Shanghai Composite Sticks to 2,800 Like Glue as Stocks Halt Drop

Asian Stocks: Are the Bulls Back?
  • Chinese stock benchmark recovers key level in late trading
  • Commodity producers advance, while airlines fall on crude gain

China’s stocks halted a two-day slide as a late-day rebound pushed the benchmark index back above the key 2,800 level.

The Shanghai Composite Index rose 0.3 percent at the close, led by commodity producers. The stocks gauge slid below 2,800 intraday before recovering in the last 15 minutes of trading in a recurring pattern that has led to speculation state funds are shoring up the market at that level. Energy shares such as China Petroleum & Chemical Corp. gained after Brent crude traded above $50 for the first time in six months, overshadowing losses for airlines.

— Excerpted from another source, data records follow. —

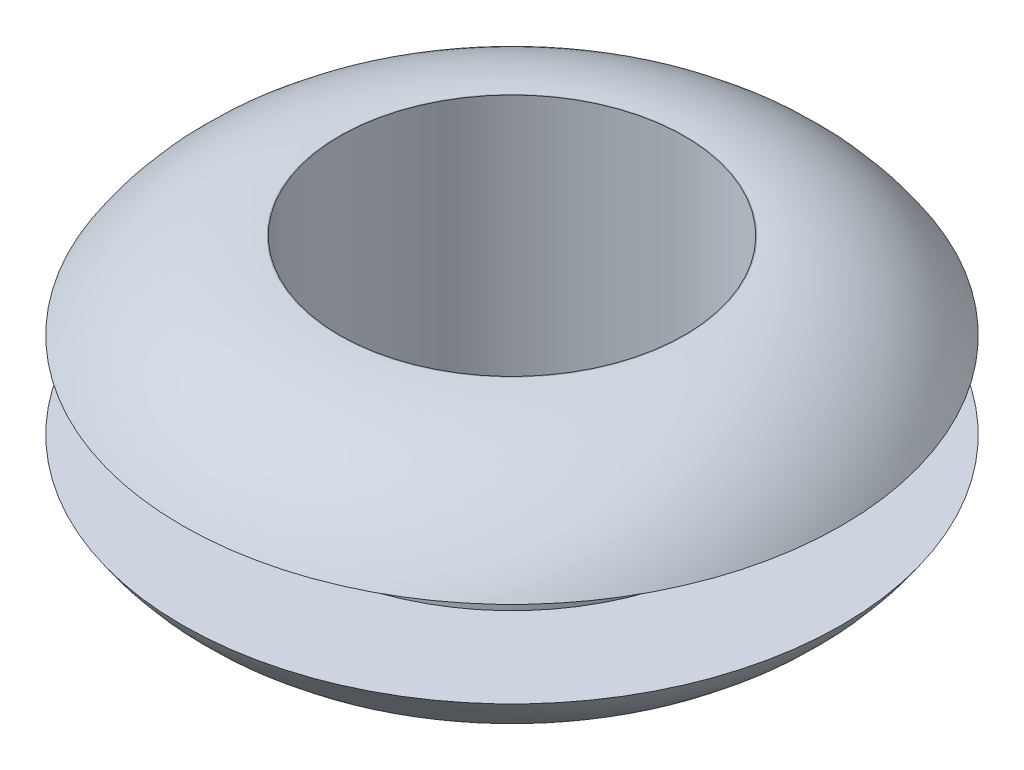
from build123d import *

# Parameters (mm, degrees)
SKETCH1_R           = 7.65
SKETCH1_R_2         = 4
BOSS_EXTRUDE1_DEPTH = 6
SKETCH2_R           = 7.65
SKETCH2_R_2         = 5
CUT_EXTRUDE1_DEPTH  = 1
FILLET1_R           = 4.3


with BuildPart() as part:
    # Sketch1 → Boss-Extrude1 (new body)
    with BuildSketch(Plane(origin=(0, 0, 0), x_dir=(1, 0, 0), z_dir=(0, 1, 0))):
        with Locations(Location((0, 0, 0), (0, 0, 270))):
            Circle(SKETCH1_R)
        with Locations(Location((0, 0, 0), (0, 0, 270))):
            Circle(SKETCH1_R_2, mode=Mode.SUBTRACT)
    extrude(amount=BOSS_EXTRUDE1_DEPTH)

    # Sketch2 → Cut-Extrude1 (cut, symmetric)
    with BuildSketch(Plane(origin=(0, 3, 0), x_dir=(1, 0, 0), z_dir=(0, 1, 0))):
        with Locations(Location((0, 0, 0), (0, 0, 270))):
            Circle(SKETCH2_R)
        with Locations(Location((0, 0, 0), (0, 0, 270))):
            Circle(SKETCH2_R_2, mode=Mode.SUBTRACT)
    extrude(amount=CUT_EXTRUDE1_DEPTH, both=True, mode=Mode.SUBTRACT)

    # Fillet1
    # the kernel refuses this fillet: 4.3 mm, written as the material it takes off along each edge
    with BuildSketch(Plane(origin=(0, 0, 0), x_dir=(0, 0, 1), z_dir=(-1, 0, 0))) as fillet1_piece_1:
        with BuildLine():
            CenterArc((4.016819575, 4.3), FILLET1_R, 270, 57.663974002)
            Line((4.016819575, 0), (7.65, 0))
            Line((7.65, 0), (7.65, 2))
        make_face()
    revolve(axis=Axis((0, 0, 0), (0, 1, 0)), mode=Mode.SUBTRACT)
    with BuildSketch(Plane(origin=(0, 6, 0), x_dir=(0, 0, 1), z_dir=(-1, 0, 0))) as fillet1_piece_2:
        with BuildLine():
            CenterArc((4.016819575, -4.3), FILLET1_R, 32.336025998, 57.663974002)
            Line((7.65, -2), (7.65, 0))
            Line((7.65, 0), (4.016819575, 0))
        make_face()
    revolve(axis=Axis((0, 6, 0), (0, 1, 0)), mode=Mode.SUBTRACT)


solid = part.part

Sentiment toward Chinese stocks turned bearish after March’s pick up in economic indicators didn’t carry over to April and a high-profile warning by the People’s Daily about the nation’s high levels of debt damped hopes for more easing. China’s benchmark equity gauge has fallen 3.9 percent this month, extending this year’s slide to 21 percent for the worst performance among 93 global indexes tracked by Bloomberg.

“We are still in a long-term bearish trend,” said Francis Lun, chief executive officer at Geo Securities Ltd. in Hong Kong. “Fundamentals haven’t improved.”

The Shanghai index closed at 2,822.44, while the CSI 300 Index added 0.2 percent. The Hang Seng Index advanced 0.1 percent in Hong Kong, extending Wednesday’s 2.7 percent jump amid speculation the U.S. economy can withstand higher interest rates. The Hang Seng China Enterprises Index declined 0.1 percent.

Oil Impact

Gauges of energy and material shares in the CSI 300 climbed at least 0.9 percent to post the steepest gains among industry groups. Coal producers led the advance, with China Coal Energy Co. adding 1.9 percent. China Petroleum & Chemical, known as Sinopec, increased 0.9 percent. Energy companies were boosted as the government allowed retail fuel prices to be increased and Brent surged amid signs global oversupply will ease.

China Molybdenum Co. jumped by the daily 10 percent limit after resuming trade as the producer of niche metals sought to reassure investors that it can manage to fund the planned acquisition of overseas assets totaling more than $4 billion.

China Eastern Airlines Corp. led declines for carriers, slumping 2.4 percent. Rising fuel prices risk a profits reversal for Chinese airlines, which reported surging earnings last year. Unlike most overseas peers, they don’t hedge against big swings in fuel prices, making it easier for them to take advantage of reduced operating expenses. Net income at China Eastern, the nation’s second-largest carrier by passengers, rose 33 percent in 2015.

Sitting Tight

For the past two weeks, the Shanghai Composite hasn’t strayed more than 51 points from 2,800. Selling has been limited by suspected buying from state-backed funds aimed at preventing the Shanghai benchmark from ending below that level, according to Shanghai Bingsheng Asset Management.

“It’s going to be in this range for a bit longer," said Pauline Dan, head of Greater China equities at Pictet Asset Management Ltd. in Hong Kong. “There is really no catalyst for it to go up."